The microprocessor of claim 8, wherein the optimizing program is executed by a register renaming program to enable the reordering.

A method for speeding up encoding optimization in a microprocessor, comprising: accessing an input microinstruction sequence using a software-based optimizer entityized in the memory; using the SIMD instruction to assemble the slave Inputting a dependency matrix of the dependency information of the microinstruction sequence; scanning a plurality of columns of the dependency matrix to optimize the microinstruction sequence by reordering the microinstruction sequence to one of a plurality of dependent coding groups An instruction sequence is executed to perform an optimization process; outputting the plurality of dependency coding groups to the plurality of engines of the microprocessor for execution in parallel; and storing a copy of the optimized microinstruction sequence to a sequence of caches, For subsequent use in subsequent clicks on one of the optimized microinstruction sequences.

The method of claim 15, wherein the optimizing program further comprises scanning a plurality of columns of the dependency matrix to identify matching instructions.
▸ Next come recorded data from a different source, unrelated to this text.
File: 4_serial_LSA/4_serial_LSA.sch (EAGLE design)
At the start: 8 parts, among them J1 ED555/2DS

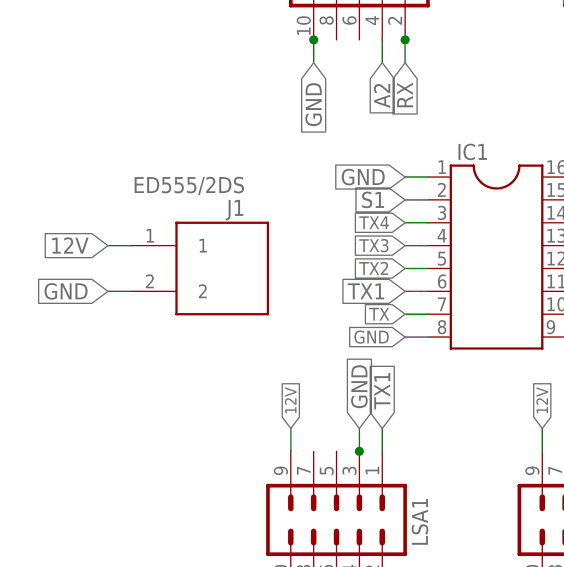
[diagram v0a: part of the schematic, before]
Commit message: add the new molex connetor
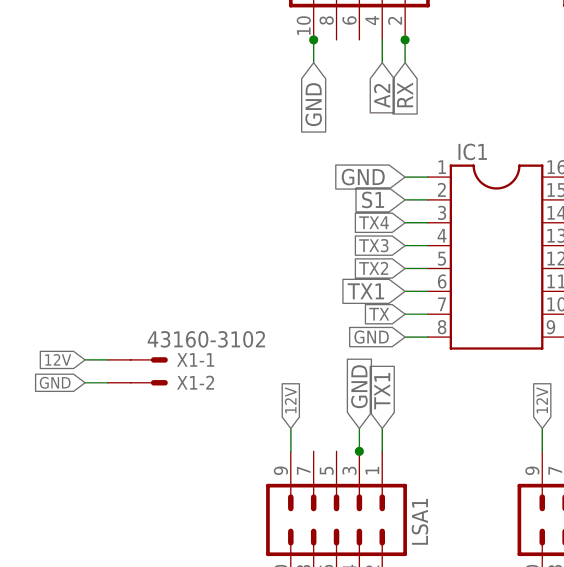
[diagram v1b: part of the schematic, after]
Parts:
- removed J1: ED555/2DS, DC_LOAD_AU:ED555/2DS
- added X1: 43160-3102, con-molex:43160-3102
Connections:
- net 12V: now also X1-1.S@1; no longer J1.1
- net GND: now also X1-2.S@1; no longer J1.2
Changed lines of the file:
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@@
 </part>
 <part name="J6" library="SparkFun-Connectors" deviceset="M06" device="SILK_FEMALE_PTH"/>
-<part name="J1" library="DC_LOAD_AU" library_urn="urn:adsk.eagle:library:220454" deviceset="ED555/2DS" device="" package3d_urn="urn:adsk.eagle:package:220531/3"/>
+<part name="X1" library="con-molex" library_urn="urn:adsk.eagle:library:165" deviceset="43160-*02" device="" technology="31"/>
 </parts>
 <sheets>
@@
 <attribute name="NAME" x="134.62" y="28.702" size="1.778" layer="95"/>
 </instance>
-<instance part="J1" gate="G$1" x="78.74" y="22.86" rot="R180">
-<attribute name="NAME" x="81.28" y="30.48" size="1.778" layer="95" rot="R180"/>
-<attribute name="VALUE" x="81.28" y="33.02" size="1.778" layer="96" rot="R180"/>
+<instance part="X1" gate="-1" x="71.12" y="12.7">
+<attribute name="NAME" x="73.66" y="11.938" size="1.524" layer="95"/>
+<attribute name="VALUE" x="70.358" y="14.097" size="1.778" layer="96"/>
+</instance>
+<instance part="X1" gate="-2" x="71.12" y="10.16">
+<attribute name="NAME" x="73.66" y="9.398" size="1.524" layer="95"/>
 </instance>
 </instances>
@@
 </segment>
 <segment>
-<pinref part="J1" gate="G$1" pin="2"/>
-<wire x1="68.58" y1="20.32" x2="66.04" y2="20.32" width="0.1524" layer="91"/>
-<label x="66.04" y="20.32" size="1.778" layer="95" rot="R180" xref="yes"/>
+<pinref part="X1" gate="-2" pin="S@1"/>
+<wire x1="66.04" y1="10.16" x2="63.5" y2="10.16" width="0.1524" layer="91"/>
+<label x="63.5" y="10.16" size="1.27" layer="95" rot="R180" xref="yes"/>
 </segment>
 </net>
@@
 </segment>
 <segment>
-<pinref part="J1" gate="G$1" pin="1"/>
-<wire x1="68.58" y1="25.4" x2="66.04" y2="25.4" width="0.1524" layer="91"/>
-<label x="66.04" y="25.4" size="1.778" layer="95" rot="R180" xref="yes"/>
-</segment>
-<segment>
 <pinref part="LSA4" gate="G$1" pin="9"/>
 <wire x1="114.3" y1="2.54" x2="114.3" y2="5.08" width="0.1524" layer="91"/>
@@
 <wire x1="88.9" y1="63.5" x2="88.9" y2="66.04" width="0.1524" layer="91"/>
 <label x="88.9" y="66.04" size="1.27" layer="95" rot="R90" xref="yes"/>
+</segment>
+<segment>
+<pinref part="X1" gate="-1" pin="S@1"/>
+<wire x1="66.04" y1="12.7" x2="63.5" y2="12.7" width="0.1524" layer="91"/>
+<label x="63.5" y="12.7" size="1.27" layer="95" rot="R180" xref="yes"/>
 </segment>
 </net>
@@
 with this version.
 </note>
-<note version="8.3" severity="warning">
-Since Version 8.3, EAGLE supports URNs for individual library
-assets (packages, symbols, and devices). The URNs of those assets
-will not be understood (or retained) with this version.
-</note>
-<note version="8.3" severity="warning">
-Since Version 8.3, EAGLE supports the association of 3D packages
-with devices in libraries, schematics, and board files. Those 3D
-packages will not be understood (or retained) with this version.
-</note>
 </compatibility>
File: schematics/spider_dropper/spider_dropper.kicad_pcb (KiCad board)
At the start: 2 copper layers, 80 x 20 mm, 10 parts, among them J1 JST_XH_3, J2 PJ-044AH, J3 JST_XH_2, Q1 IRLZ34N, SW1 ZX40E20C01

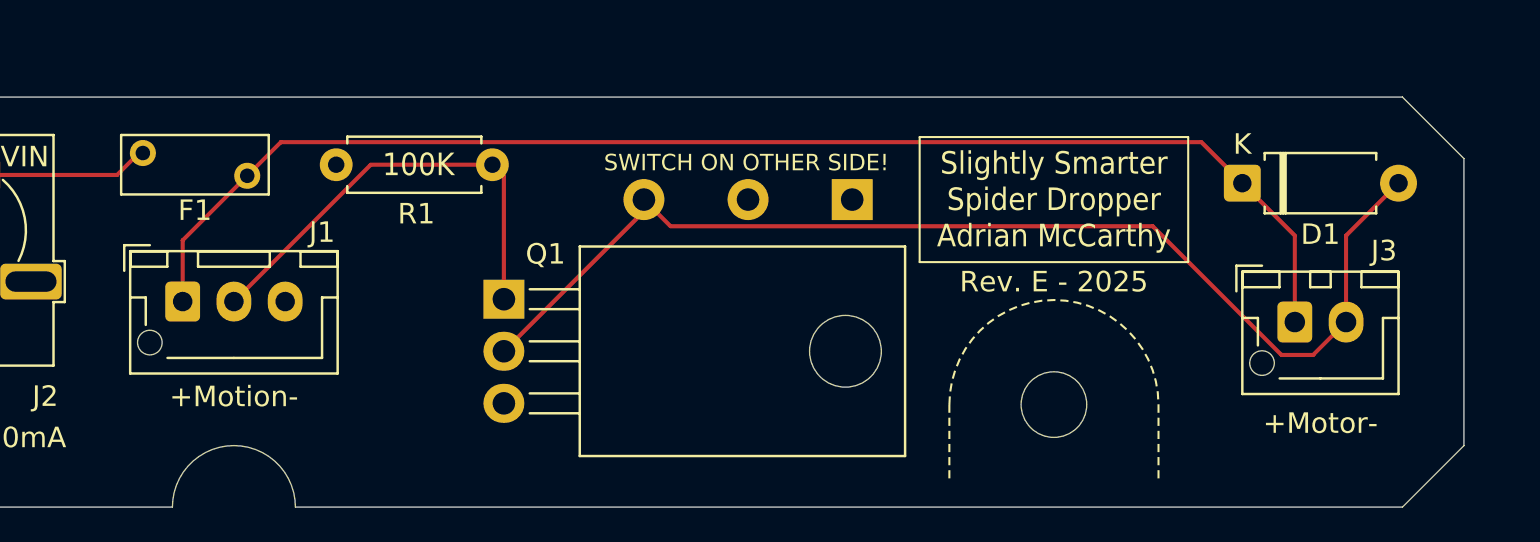
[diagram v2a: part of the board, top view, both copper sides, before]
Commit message: Small improvements for Rev. E.
* Moved the connectors to make it easier to connect & disconnect.
* Moved the diode in from the corner.
* Added detail to the perimeter boundary (in User Drawings layer).
* Added a triangular arrow to assist with alignment in assembly.
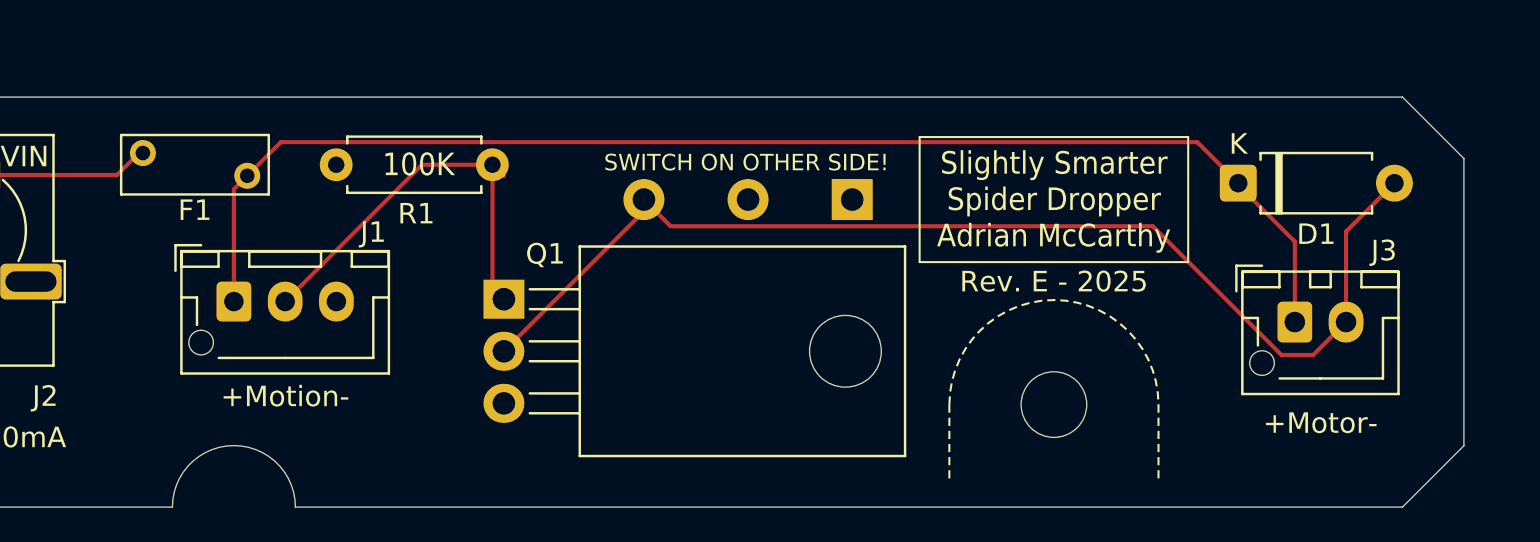
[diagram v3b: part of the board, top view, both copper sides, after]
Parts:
- moved J1 2.50 mm to (129.9, 108.3)
- moved D1 0.20 mm to (178.9, 102.5)
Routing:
- net /MOTION: track 22.2 -> 20.5 mm
- net /MOTOR+: track 65.3 -> 64.2 mm
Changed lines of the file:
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@@
 	(title_block
 		(title "Slightly Smarter Simple Spider Dropper")
-		(date "2025-08-28")
+		(date "2025-09-18")
 		(rev "E")
 		(company "Adrian McCarthy")
@@
 		(comment 6 "corrected footprint for power connector")
 		(comment 7 "nudged diode away from corner")
+		(comment 8 "added arrow on b. silkscreen")
 	)
 	(layers
@@
 	(footprint "Diode_THT:D_A-405_P7.62mm_Horizontal"
 		(layer "F.Cu")
-		(at 179.09 102.5)
+		(at 178.89 102.5)
 		(descr "Diode, A-405 series, Axial, Horizontal, pin pitch=7.62mm, length*diameter=5.2*2.7mm^2, http://www.diodes.com/_files/packages/A-405.pdf")
 		(tags "Diode A-405 series Axial Horizontal pin pitch 7.62mm  length 5.2mm diameter 2.7mm")
@@
 	(footprint "Connector_JST:JST_XH_B3B-XH-AM_1x03_P2.50mm_Vertical"
 		(layer "F.Cu")
-		(at 127.4 108.275)
+		(at 129.9 108.275)
 		(descr "JST XH series connector, B3B-XH-AM, with boss (http://www.jst-mfg.com/product/pdf/eng/eXH.pdf), generated with kicad-footprint-generator")
 		(tags "connector JST XH vertical boss")
@@
 		(layer "F.SilkS")
 	)
+	(gr_poly
+		(pts
+			(xy 111.2 108.3) (xy 113 107.4) (xy 113 109.2)
+		)
+		(stroke
+			(width 0.1)
+			(type solid)
+		)
+		(fill yes)
+		(layer "B.SilkS")
+	)
 	(gr_circle
 		(center 169.9 113.3)
@@
 		(layer "Dwgs.User")
 	)
+	(gr_arc
+		(start 125.8 117.1)
+		(mid 129.9 114.027998)
+		(end 134 117.1)
+		(stroke
+			(width 0.1)
+			(type default)
+		)
+		(layer "Dwgs.User")
+	)
+	(gr_line
+		(start 188.7 114.8)
+		(end 186.4 117.1)
+		(stroke
+			(width 0.1)
+			(type default)
+		)
+		(layer "Dwgs.User")
+	)
+	(gr_line
+		(start 125.8 117.1)
+		(end 111.1 117.1)
+		(stroke
+			(width 0.1)
+			(type default)
+		)
+		(layer "Dwgs.User")
+	)
 	(gr_line
 		(start 215.7 108.3)
@@
 	)
 	(gr_line
+		(start 186.4 99.5)
+		(end 188.7 101.8)
+		(stroke
+			(width 0.1)
+			(type default)
+		)
+		(layer "Dwgs.User")
+	)
+	(gr_line
+		(start 186.4 117.1)
+		(end 133.999999 117.1)
+		(stroke
+			(width 0.1)
+			(type default)
+		)
+		(layer "Dwgs.User")
+	)
+	(gr_line
 		(start 149.9 97.8)
 		(end 149.9 105.8)
@@
 		(layer "Dwgs.User")
 	)
-	(gr_rect
+	(gr_line
+		(start 188.7 101.8)
+		(end 188.7 114.8)
+		(stroke
+			(width 0.1)
+			(type default)
+		)
+		(layer "Dwgs.User")
+	)
+	(gr_line
 		(start 111.1 99.5)
-		(end 188.7 117.1)
+		(end 186.4 99.5)
+		(stroke
+			(width 0.1)
+			(type default)
+		)
+		(layer "Dwgs.User")
+	)
+	(gr_line
+		(start 111.1 117.1)
+		(end 111.1 99.5)
 		(stroke
 			(width 0.1)
 			(type default)
 		)
-		(fill no)
 		(layer "Dwgs.User")
 	)
@@
 	)
 	(gr_text "+Motion-"
-		(at 129.9 113.5 0)
+		(at 132.4 113.5 0)
 		(layer "F.SilkS")
 		(effects
@@
 	)
 	(segment
-		(start 127.4 108.275)
-		(end 127.4 105.29)
+		(start 178.89 102.59)
+		(end 181.65 105.35)
 		(width 0.2)
 		(layer "F.Cu")
@@
 	)
 	(segment
-		(start 181.65 105.06)
-		(end 179.09 102.5)
+		(start 181.65 105.35)
+		(end 181.65 109.275)
 		(width 0.2)
 		(layer "F.Cu")
@@
 	)
 	(segment
-		(start 181.65 109.275)
-		(end 181.65 105.06)
+		(start 132.191 100.499)
+		(end 176.889 100.499)
 		(width 0.2)
 		(layer "F.Cu")
@@
 	)
 	(segment
-		(start 177.089 100.499)
+		(start 130.55 102.14)
 		(end 132.191 100.499)
 		(width 0.2)
@@
 	)
 	(segment
-		(start 179.09 102.5)
-		(end 177.089 100.499)
+		(start 178.89 102.5)
+		(end 178.89 102.59)
 		(width 0.2)
 		(layer "F.Cu")
@@
 	)
 	(segment
-		(start 127.4 105.29)
-		(end 130.55 102.14)
+		(start 129.9 108.275)
+		(end 129.9 102.79)
 		(width 0.2)
 		(layer "F.Cu")
@@
 	)
 	(segment
-		(start 132.191 100.499)
+		(start 129.9 102.79)
 		(end 130.55 102.14)
 		(width 0.2)
@@
 	)
 	(segment
-		(start 186.71 102.5)
-		(end 184.15 105.06)
+		(start 176.889 100.499)
+		(end 178.89 102.5)
 		(width 0.2)
 		(layer "F.Cu")
-		(net 5)
+		(net 4)
 	)
 	(segment
@@
 	)
 	(segment
-		(start 184.15 105.06)
+		(start 184.15 104.86)
 		(end 184.15 109.275)
 		(width 0.2)
@@
 	)
 	(segment
-		(start 136.575 101.6)
-		(end 142.51 101.6)
+		(start 186.51 102.5)
+		(end 184.15 104.86)
+		(width 0.2)
+		(layer "F.Cu")
+		(net 5)
+	)
+	(segment
+		(start 132.4 108.275)
+		(end 139.075 101.6)
 		(width 0.2)
 		(layer "F.Cu")
@@
 	)
 	(segment
-		(start 143.07 108.16)
-		(end 143.07 102.16)
+		(start 142.51 107.6)
+		(end 143.07 108.16)
+		(width 0.2)
+		(layer "F.Cu")
+		(net 6)
+	)
+	(segment
+		(start 139.075 101.6)
+		(end 142.51 101.6)
 		(width 0.2)
 		(layer "F.Cu")
@@
 	)
 	(segment
-		(start 129.9 108.275)
-		(end 136.575 101.6)
+		(start 142.51 101.6)
+		(end 142.51 107.6)
 		(width 0.2)
 		(layer "F.Cu")
@@
 		)
 	)
+	(group ""
+		(members "1a110cda-c5c4-4d6f-9856-7c3907b5bba1" "1ba40044-9f59-4987-8364-2ef93bba9d79"
+			"79ad52df-f96e-4c85-854d-0dd0dc49f08a" "cd2ad88d-1473-40dd-a4fc-b80dc6a883e4"
+			"d2219a55-52e0-4438-a1ba-f4ec083b581e" "e5993648-c71e-4bc1-9e7f-92ee8b79d6de"
+			"fc64db34-372b-49d4-b4d6-4ea789881956" "fe8aa7d5-6fb3-46ed-a818-365fcd90bb6e"
+		)
+	)

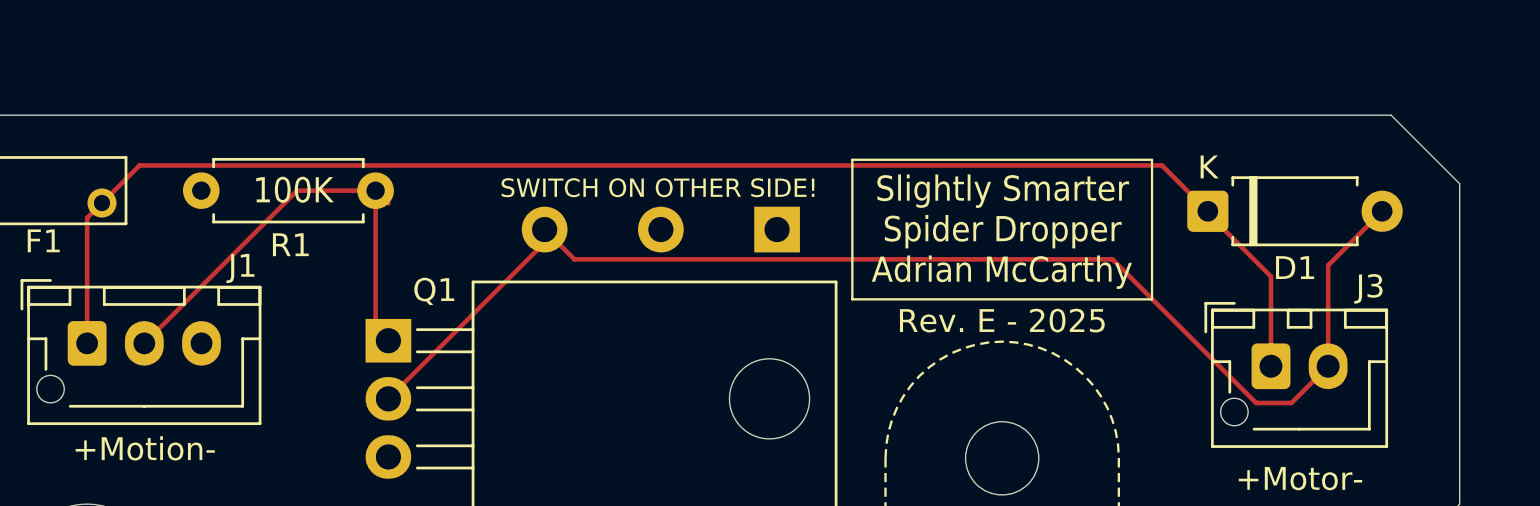
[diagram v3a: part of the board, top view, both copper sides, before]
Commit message: Changed the diode footprint to a DO-41.
The leads of the 1N4001 diodes I have barely fit into the holes for the
default footprint.  Datasheet suggests DO-41 is the correct package,
and KiCad has a footprint for that with the same spacing but larger
holes.
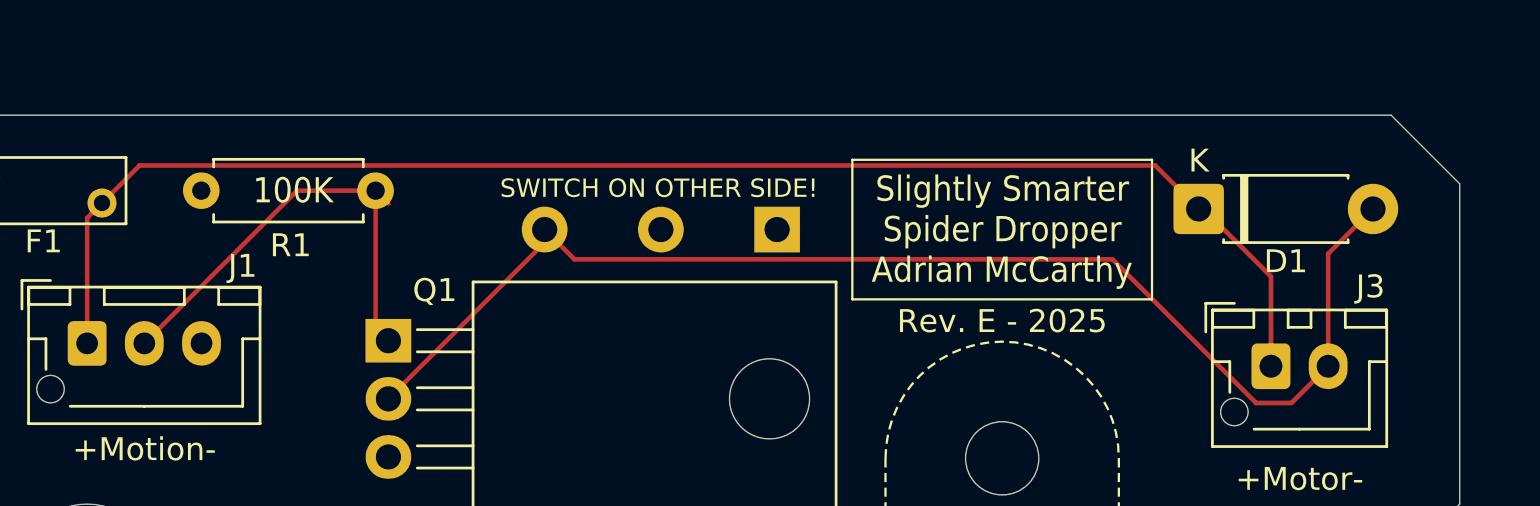
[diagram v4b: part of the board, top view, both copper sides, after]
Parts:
- D1: footprint Diode_THT:D_A-405_P7.62mm_Horizontal -> Diode_THT:D_DO-41_SOD81_P7.62mm_Horizontal
- moved D1 0.41 mm to (178.5, 102.4)
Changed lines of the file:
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@@
 	(title_block
 		(title "Slightly Smarter Simple Spider Dropper")
-		(date "2025-09-18")
+		(date "2025-09-21")
 		(rev "E")
 		(company "Adrian McCarthy")
@@
 	(net 6 "/MOTION")
 	(net 7 "unconnected-(J2-Pad3)")
-	(footprint "Diode_THT:D_A-405_P7.62mm_Horizontal"
+	(footprint "Diode_THT:D_DO-41_SOD81_P7.62mm_Horizontal"
 		(layer "F.Cu")
-		(at 178.89 102.5)
-		(descr "Diode, A-405 series, Axial, Horizontal, pin pitch=7.62mm, length*diameter=5.2*2.7mm^2, http://www.diodes.com/_files/packages/A-405.pdf")
-		(tags "Diode A-405 series Axial Horizontal pin pitch 7.62mm  length 5.2mm diameter 2.7mm")
+		(at 178.49 102.4)
+		(descr "Diode, DO-41_SOD81 series, Axial, Horizontal, pin pitch=7.62mm, length*diameter=5.2*2.7mm^2, https://www.diodes.com/assets/Package-Files/DO-41-Plastic.pdf")
+		(tags "Diode DO-41_SOD81 series Axial Horizontal pin pitch 7.62mm  length 5.2mm diameter 2.7mm")
 		(property "Reference" "D1"
-			(at 3.81 2.5 0)
+			(at 3.81 2.3 0)
 			(layer "F.SilkS")
 			(effects
@@
 		(property "Datasheet" "~"
 			(at 0 0 0)
-			(unlocked yes)
 			(layer "F.Fab")
 			(hide yes)
@@
 		(property "Description" "Diode"
 			(at 0 0 0)
-			(unlocked yes)
 			(layer "F.Fab")
 			(hide yes)
@@
 		)
 		(fp_line
-			(start 1.09 -1.14)
+			(start 1.09 -1.34)
 			(end 1.09 -1.47)
 			(stroke
@@
 		)
 		(fp_line
-			(start 1.09 1.14)
+			(start 1.09 1.34)
 			(end 1.09 1.47)
 			(stroke
@@
 		(fp_line
 			(start 6.53 -1.47)
-			(end 6.53 -1.14)
+			(end 6.53 -1.34)
 			(stroke
 				(width 0.12)
@@
 		(fp_line
 			(start 6.53 1.47)
-			(end 6.53 1.14)
+			(end 6.53 1.34)
 			(stroke
 				(width 0.12)
@@
 		)
 		(fp_rect
-			(start -1.15 -1.6)
-			(end 8.77 1.6)
+			(start -1.35 -1.6)
+			(end 8.97 1.6)
 			(stroke
 				(width 0.05)
@@
 		)
 		(fp_text user "K"
-			(at 0 -1.9 0)
+			(at 0 -2.1 0)
 			(layer "F.SilkS")
 			(effects
@@
 		)
 		(fp_text user "K"
-			(at 0 -1.9 0)
+			(at 0 -2.1 0)
 			(layer "F.Fab")
 			(effects
@@
 		(pad "1" thru_hole roundrect
 			(at 0 0)
-			(size 1.8 1.8)
-			(drill 0.9)
+			(size 2.2 2.2)
+			(drill 1.1)
 			(layers "*.Cu" "*.Mask")
 			(remove_unused_layers no)
-			(roundrect_rratio 0.138889)
+			(roundrect_rratio 0.113636)
 			(net 4 "/MOTOR+")
 			(pinfunction "K")
@@
 		(pad "2" thru_hole circle
 			(at 7.62 0)
-			(size 1.8 1.8)
-			(drill 0.9)
+			(size 2.2 2.2)
+			(drill 1.1)
 			(layers "*.Cu" "*.Mask")
 			(remove_unused_layers no)
@@
 		)
 		(embedded_fonts no)
-		(model "${KICAD9_3DMODEL_DIR}/Diode_THT.3dshapes/D_A-405_P7.62mm_Horizontal.step"
+		(model "${KICAD9_3DMODEL_DIR}/Diode_THT.3dshapes/D_DO-41_SOD81_P7.62mm_Horizontal.step"
 			(offset
 				(xyz 0 0 0)
@@
 	)
 	(segment
-		(start 178.89 102.59)
-		(end 181.65 105.35)
+		(start 132.191 100.499)
+		(end 176.589 100.499)
 		(width 0.2)
 		(layer "F.Cu")
@@
 	)
 	(segment
-		(start 132.191 100.499)
-		(end 176.889 100.499)
+		(start 181.65 105.35)
+		(end 178.7 102.4)
+		(width 0.2)
+		(layer "F.Cu")
+		(net 4)
+	)
+	(segment
+		(start 178.7 102.4)
+		(end 178.49 102.4)
 		(width 0.2)
 		(layer "F.Cu")
@@
 	)
 	(segment
-		(start 176.889 100.499)
-		(end 178.89 102.5)
+		(start 176.589 100.499)
+		(end 178.49 102.4)
 		(width 0.2)
 		(layer "F.Cu")
@@
 	)
 	(segment
-		(start 184.15 104.86)
-		(end 184.15 109.275)
+		(start 184.15 104.36)
+		(end 186.11 102.4)
 		(width 0.2)
 		(layer "F.Cu")
@@
 	(segment
 		(start 184.15 109.275)
-		(end 182.543917 110.881083)
+		(end 184.15 104.36)
 		(width 0.2)
 		(layer "F.Cu")
@@
 	)
 	(segment
-		(start 149.9 103.87)
-		(end 149.9 103.3)
+		(start 184.15 109.275)
+		(end 182.543917 110.881083)
 		(width 0.2)
 		(layer "F.Cu")
@@
 	)
 	(segment
-		(start 186.51 102.5)
-		(end 184.15 104.86)
+		(start 149.9 103.87)
+		(end 149.9 103.3)
 		(width 0.2)
 		(layer "F.Cu")

The method of claim 16, wherein the optimizing program further comprises analyzing the matching instruction to determine whether the matching instruction includes a blocking dependency, and wherein the renaming is performed to remove the blocking dependency.

The method of claim 17, wherein the first matching instruction sequence for each column of the dependency matrix is moved into a corresponding dependency group.

The method of claim 15 wherein the copy of the optimized microinstruction sequence is stored in a memory hierarchy of the microprocessor.

The method of claim 19, wherein the memory hierarchy comprises an L1 cache and an L2 cache.

The method of claim 20, wherein the memory hierarchy further comprises a system memory.